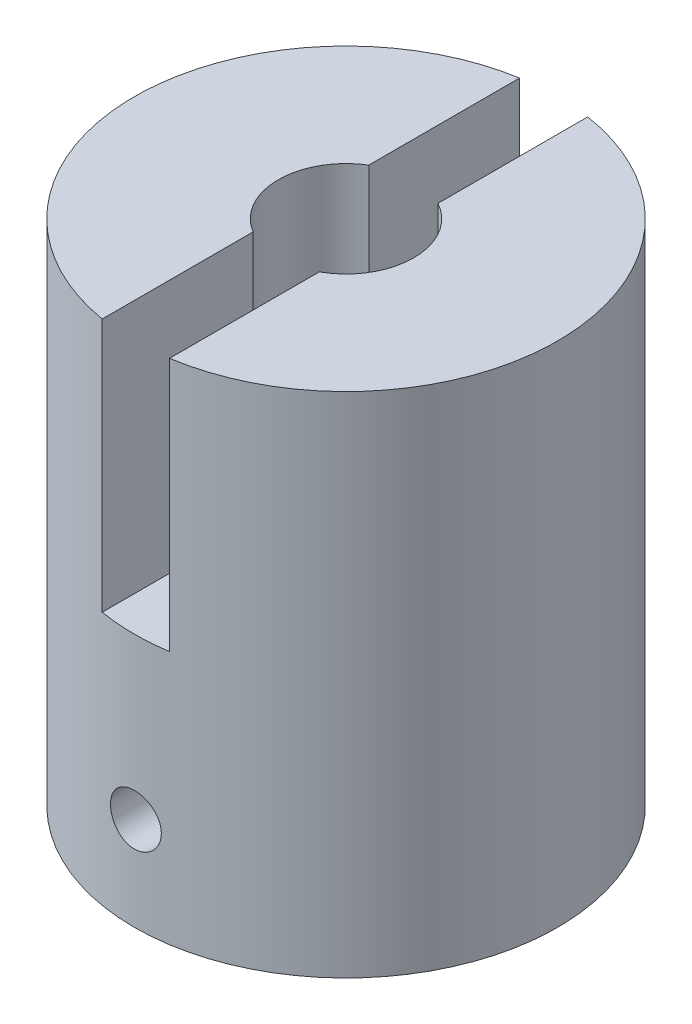
ISO-10303-21;
HEADER;
FILE_DESCRIPTION(('STEP AP214'),'2;1');
FILE_NAME('part.step','',(''),(''),'','','');
FILE_SCHEMA(('AUTOMOTIVE_DESIGN { 1 0 10303 214 1 1 1 1 }'));
ENDSEC;
DATA;
#1=APPLICATION_CONTEXT('core data for automotive mechanical design processes');
#2=APPLICATION_PROTOCOL_DEFINITION('international standard','automotive_design',2000,#1);
#3=PRODUCT_CONTEXT('',#1,'mechanical');
#4=PRODUCT('Part','Part','',(#3));
#5=PRODUCT_RELATED_PRODUCT_CATEGORY('part','',(#4));
#6=PRODUCT_DEFINITION_FORMATION('','',#4);
#7=PRODUCT_DEFINITION_CONTEXT('part definition',#1,'design');
#8=PRODUCT_DEFINITION('design','',#6,#7);
#9=PRODUCT_DEFINITION_SHAPE('','',#8);
#10=(LENGTH_UNIT() NAMED_UNIT(*) SI_UNIT(.MILLI.,.METRE.));
#11=(NAMED_UNIT(*) PLANE_ANGLE_UNIT() SI_UNIT($,.RADIAN.));
#12=(NAMED_UNIT(*) SI_UNIT($,.STERADIAN.) SOLID_ANGLE_UNIT());
#13=UNCERTAINTY_MEASURE_WITH_UNIT(LENGTH_MEASURE(1.E-05),#10,'distance_accuracy_value','');
#14=(GEOMETRIC_REPRESENTATION_CONTEXT(3) GLOBAL_UNCERTAINTY_ASSIGNED_CONTEXT((#13)) GLOBAL_UNIT_ASSIGNED_CONTEXT((#10,
#11,#12)) REPRESENTATION_CONTEXT('',''));
#15=CARTESIAN_POINT('',(0.,0.,0.));
#16=DIRECTION('',(0.,0.,1.));
#17=DIRECTION('',(1.,0.,0.));
#18=AXIS2_PLACEMENT_3D('',#15,#16,#17);
#19=CARTESIAN_POINT('',(0.,30.,0.));
#20=DIRECTION('',(0.,1.,0.));
#21=DIRECTION('',(0.,0.,1.));
#22=AXIS2_PLACEMENT_3D('',#19,#20,#21);
#23=PLANE('',#22);
#24=DIRECTION('',(0.,0.,-1.));
#25=VECTOR('',#24,1.);
#26=CARTESIAN_POINT('',(1.92622511346683,30.,-3.50566068127674));
#27=LINE('',#26,#25);
#28=CARTESIAN_POINT('',(1.92622511346683,30.,-3.50566068127674));
#29=VERTEX_POINT('',#28);
#30=CARTESIAN_POINT('',(1.92622511346683,30.,-12.3506945882509));
#31=VERTEX_POINT('',#30);
#32=EDGE_CURVE('E135',#29,#31,#27,.T.);
#33=ORIENTED_EDGE('',*,*,#32,.F.);
#34=CARTESIAN_POINT('',(0.,30.,0.));
#35=DIRECTION('',(0.,1.,0.));
#36=DIRECTION('',(0.,0.,1.));
#37=AXIS2_PLACEMENT_3D('',#34,#35,#36);
#38=CIRCLE('',#37,4.);
#39=CARTESIAN_POINT('',(1.92622511346683,30.,3.50566068127674));
#40=VERTEX_POINT('',#39);
#41=EDGE_CURVE('E142',#40,#29,#38,.T.);
#42=ORIENTED_EDGE('',*,*,#41,.F.);
#43=DIRECTION('',(0.,0.,-1.));
#44=VECTOR('',#43,1.);
#45=CARTESIAN_POINT('',(1.92622511346683,30.,0.));
#46=LINE('',#45,#44);
#47=CARTESIAN_POINT('',(1.92622511346683,30.,12.3506945882509));
#48=VERTEX_POINT('',#47);
#49=EDGE_CURVE('E167',#48,#40,#46,.T.);
#50=ORIENTED_EDGE('',*,*,#49,.F.);
#51=CARTESIAN_POINT('',(0.,30.,0.));
#52=DIRECTION('',(0.,1.,0.));
#53=DIRECTION('',(0.,0.,1.));
#54=AXIS2_PLACEMENT_3D('',#51,#52,#53);
#55=CIRCLE('',#54,12.5);
#56=EDGE_CURVE('E160',#48,#31,#55,.T.);
#57=ORIENTED_EDGE('',*,*,#56,.T.);
#58=EDGE_LOOP('',(#33,#42,#50,#57));
#59=FACE_BOUND('',#58,.T.);
#60=ADVANCED_FACE('F33',(#59),#23,.T.);
#61=CARTESIAN_POINT('',(0.,30.,0.));
#62=DIRECTION('',(0.,-1.,0.));
#63=DIRECTION('',(0.,0.,-1.));
#64=AXIS2_PLACEMENT_3D('',#61,#62,#63);
#65=CYLINDRICAL_SURFACE('',#64,12.5);
#66=CARTESIAN_POINT('',(1.5,5.51065962289375,12.4096736459909));
#67=CARTESIAN_POINT('',(1.49999641586388,5.42673005229857,12.4096748089167));
#68=CARTESIAN_POINT('',(1.49293206748169,5.34274736283305,12.4105342894214));
#69=CARTESIAN_POINT('',(1.46486159354819,5.17711731687797,12.4138782255216));
#70=CARTESIAN_POINT('',(1.44384072619508,5.09547252505324,12.4163643992983));
#71=CARTESIAN_POINT('',(1.38848417307918,4.93694042013684,12.4226761552619));
#72=CARTESIAN_POINT('',(1.35415731394874,4.86004999232564,12.426500849368));
#73=CARTESIAN_POINT('',(1.27318168778971,4.71313605184327,12.4350576249844));
#74=CARTESIAN_POINT('',(1.22653510106007,4.64311132710977,12.4397895458966));
#75=CARTESIAN_POINT('',(1.12198571965019,4.51153973708866,12.4496550027324));
#76=CARTESIAN_POINT('',(1.06403198625323,4.45003347571945,12.4547902908254));
#77=CARTESIAN_POINT('',(0.938622932174394,4.3375952638128,12.4648680792729));
#78=CARTESIAN_POINT('',(0.871167147527068,4.28666382992285,12.4698105701984));
#79=CARTESIAN_POINT('',(0.728414784233988,4.19667635642561,12.4789637011531));
#80=CARTESIAN_POINT('',(0.653094976924494,4.15765691502393,12.4831720690333));
#81=CARTESIAN_POINT('',(0.496912883636388,4.09283539270138,12.4903635621621));
#82=CARTESIAN_POINT('',(0.41605078804277,4.06703285801989,12.4933467294733));
#83=CARTESIAN_POINT('',(0.251493928492541,4.02949849484203,12.4977393662263));
#84=CARTESIAN_POINT('',(0.167814735521689,4.01769929617087,12.4991563682204));
#85=CARTESIAN_POINT('',(-0.000347248334283003,4.00829782323849,12.5002827183051));
#86=CARTESIAN_POINT('',(-0.0848300098341701,4.01069503181464,12.4999921286017));
#87=CARTESIAN_POINT('',(-0.251742833758765,4.02956418381943,12.4977421462633));
#88=CARTESIAN_POINT('',(-0.334181218784107,4.04596367537995,12.4957913442169));
#89=CARTESIAN_POINT('',(-0.495127185045589,4.09225869875175,12.490449821119));
#90=CARTESIAN_POINT('',(-0.573634696521302,4.12215446998457,12.4870590745233));
#91=CARTESIAN_POINT('',(-0.724715561629688,4.19467098734701,12.4792038952277));
#92=CARTESIAN_POINT('',(-0.797273648637692,4.23732324089696,12.4747368094346));
#93=CARTESIAN_POINT('',(-0.934229460099393,4.33411907237183,12.465229048358));
#94=CARTESIAN_POINT('',(-0.998626839383446,4.38826313610156,12.4601883488298));
#95=CARTESIAN_POINT('',(-1.11785860561525,4.50691179766398,12.4500603372648));
#96=CARTESIAN_POINT('',(-1.17263019439189,4.5714795135805,12.4449729316271));
#97=CARTESIAN_POINT('',(-1.27056795912578,4.7089253797335,12.4353563023037));
#98=CARTESIAN_POINT('',(-1.31373410365263,4.78180355247599,12.4308270801297));
#99=CARTESIAN_POINT('',(-1.38723839179325,4.93385586796744,12.4228396027608));
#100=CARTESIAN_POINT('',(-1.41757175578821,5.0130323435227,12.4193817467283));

• YOUR OBJECTIVE: Of all the entries above, repeat only the lines from the line that has "#8=PRODUCT_DEFINITION('design','',#6,#7);" to the line that has "#56=EDGE_CURVE('E160',#48,#31,#55,.T.);", both lines included, exactly.

• EXERCISE SOLUTION:
#8=PRODUCT_DEFINITION('design','',#6,#7);
#9=PRODUCT_DEFINITION_SHAPE('','',#8);
#10=(LENGTH_UNIT() NAMED_UNIT(*) SI_UNIT(.MILLI.,.METRE.));
#11=(NAMED_UNIT(*) PLANE_ANGLE_UNIT() SI_UNIT($,.RADIAN.));
#12=(NAMED_UNIT(*) SI_UNIT($,.STERADIAN.) SOLID_ANGLE_UNIT());
#13=UNCERTAINTY_MEASURE_WITH_UNIT(LENGTH_MEASURE(1.E-05),#10,'distance_accuracy_value','');
#14=(GEOMETRIC_REPRESENTATION_CONTEXT(3) GLOBAL_UNCERTAINTY_ASSIGNED_CONTEXT((#13)) GLOBAL_UNIT_ASSIGNED_CONTEXT((#10,
#11,#12)) REPRESENTATION_CONTEXT('',''));
#15=CARTESIAN_POINT('',(0.,0.,0.));
#16=DIRECTION('',(0.,0.,1.));
#17=DIRECTION('',(1.,0.,0.));
#18=AXIS2_PLACEMENT_3D('',#15,#16,#17);
#19=CARTESIAN_POINT('',(0.,30.,0.));
#20=DIRECTION('',(0.,1.,0.));
#21=DIRECTION('',(0.,0.,1.));
#22=AXIS2_PLACEMENT_3D('',#19,#20,#21);
#23=PLANE('',#22);
#24=DIRECTION('',(0.,0.,-1.));
#25=VECTOR('',#24,1.);
#26=CARTESIAN_POINT('',(1.92622511346683,30.,-3.50566068127674));
#27=LINE('',#26,#25);
#28=CARTESIAN_POINT('',(1.92622511346683,30.,-3.50566068127674));
#29=VERTEX_POINT('',#28);
#30=CARTESIAN_POINT('',(1.92622511346683,30.,-12.3506945882509));
#31=VERTEX_POINT('',#30);
#32=EDGE_CURVE('E135',#29,#31,#27,.T.);
#33=ORIENTED_EDGE('',*,*,#32,.F.);
#34=CARTESIAN_POINT('',(0.,30.,0.));
#35=DIRECTION('',(0.,1.,0.));
#36=DIRECTION('',(0.,0.,1.));
#37=AXIS2_PLACEMENT_3D('',#34,#35,#36);
#38=CIRCLE('',#37,4.);
#39=CARTESIAN_POINT('',(1.92622511346683,30.,3.50566068127674));
#40=VERTEX_POINT('',#39);
#41=EDGE_CURVE('E142',#40,#29,#38,.T.);
#42=ORIENTED_EDGE('',*,*,#41,.F.);
#43=DIRECTION('',(0.,0.,-1.));
#44=VECTOR('',#43,1.);
#45=CARTESIAN_POINT('',(1.92622511346683,30.,0.));
#46=LINE('',#45,#44);
#47=CARTESIAN_POINT('',(1.92622511346683,30.,12.3506945882509));
#48=VERTEX_POINT('',#47);
#49=EDGE_CURVE('E167',#48,#40,#46,.T.);
#50=ORIENTED_EDGE('',*,*,#49,.F.);
#51=CARTESIAN_POINT('',(0.,30.,0.));
#52=DIRECTION('',(0.,1.,0.));
#53=DIRECTION('',(0.,0.,1.));
#54=AXIS2_PLACEMENT_3D('',#51,#52,#53);
#55=CIRCLE('',#54,12.5);
#56=EDGE_CURVE('E160',#48,#31,#55,.T.);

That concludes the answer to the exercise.